France expected to adopt consent-based rape law

Published
People gather in support of Frenchwoman Gisele Pelicot, the victim of a mass rape orchestrated by her then-husband Dominique Pelicot at their home in the southern French town of Mazan, the day after the verdict in the trial for Dominique Pelicot and 50 co-accused, in front of the courthouse in Avignon, France, December 20, 2024. — Reuters
People gather in support of Frenchwoman Gisele Pelicot, the victim of a mass rape orchestrated by her then-husband Dominique Pelicot at their home in the southern French town of Mazan, the day after the verdict in the trial for Dominique Pelicot and 50 co-accused, in front of the courthouse in Avignon, France, December 20, 2024. — Reuters

PARIS: French senators are expected to back a bill defining rape as any non-consensual sexual act, making France the latest European country to pass a consent-based law on Wednesday.
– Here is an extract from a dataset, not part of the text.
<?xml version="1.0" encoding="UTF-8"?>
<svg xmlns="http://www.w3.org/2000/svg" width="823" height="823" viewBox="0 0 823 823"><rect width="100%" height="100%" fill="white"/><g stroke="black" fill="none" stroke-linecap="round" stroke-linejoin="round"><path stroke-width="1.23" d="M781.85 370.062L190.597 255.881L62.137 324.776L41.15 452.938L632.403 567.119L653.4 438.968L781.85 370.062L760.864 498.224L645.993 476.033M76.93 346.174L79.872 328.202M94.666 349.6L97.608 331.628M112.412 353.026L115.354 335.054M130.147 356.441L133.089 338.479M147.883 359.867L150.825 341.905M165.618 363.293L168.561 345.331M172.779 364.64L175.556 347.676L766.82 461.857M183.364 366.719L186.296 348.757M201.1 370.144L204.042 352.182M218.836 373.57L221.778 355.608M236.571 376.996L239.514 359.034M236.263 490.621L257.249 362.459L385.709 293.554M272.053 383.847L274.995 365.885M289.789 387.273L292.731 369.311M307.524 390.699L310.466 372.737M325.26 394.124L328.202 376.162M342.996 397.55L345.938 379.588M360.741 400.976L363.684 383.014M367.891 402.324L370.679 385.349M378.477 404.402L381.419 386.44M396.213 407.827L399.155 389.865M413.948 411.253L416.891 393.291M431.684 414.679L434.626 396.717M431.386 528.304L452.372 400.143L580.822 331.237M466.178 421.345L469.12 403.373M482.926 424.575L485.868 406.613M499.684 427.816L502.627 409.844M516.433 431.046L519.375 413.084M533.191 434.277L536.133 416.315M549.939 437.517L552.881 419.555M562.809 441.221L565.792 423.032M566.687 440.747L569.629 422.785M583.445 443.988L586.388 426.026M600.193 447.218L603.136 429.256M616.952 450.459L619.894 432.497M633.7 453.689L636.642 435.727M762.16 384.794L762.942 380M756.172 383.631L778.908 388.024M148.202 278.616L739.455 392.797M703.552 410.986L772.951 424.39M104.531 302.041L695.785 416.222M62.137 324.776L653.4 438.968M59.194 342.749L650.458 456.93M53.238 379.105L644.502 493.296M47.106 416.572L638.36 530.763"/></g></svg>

The final vote comes after members of France’s lower house, the National Assembly, approved the bill Thursday by 155 votes to 31, paving the way for its adoption by the Senate.

The measure defines rape as any “non-consensual act”, enshrining the principle of consent into the definition of the crime.

The text signals a move “from a culture of rape to a culture of consent”, said centrist lawmaker Veronique Riotton after the bill she co-sponsored passed the lower house last week.

Consent, the text says, must be “free and informed, specific, prior and revocable”, and evaluated in light of the circumstances, noting that it cannot be inferred from “silence or lack of reaction”.

“There is no consent if the sexual act is committed through violence, coercion, threat or surprise, whatever their nature,” it states, incorporating wording already used in France’s current legal definition of rape.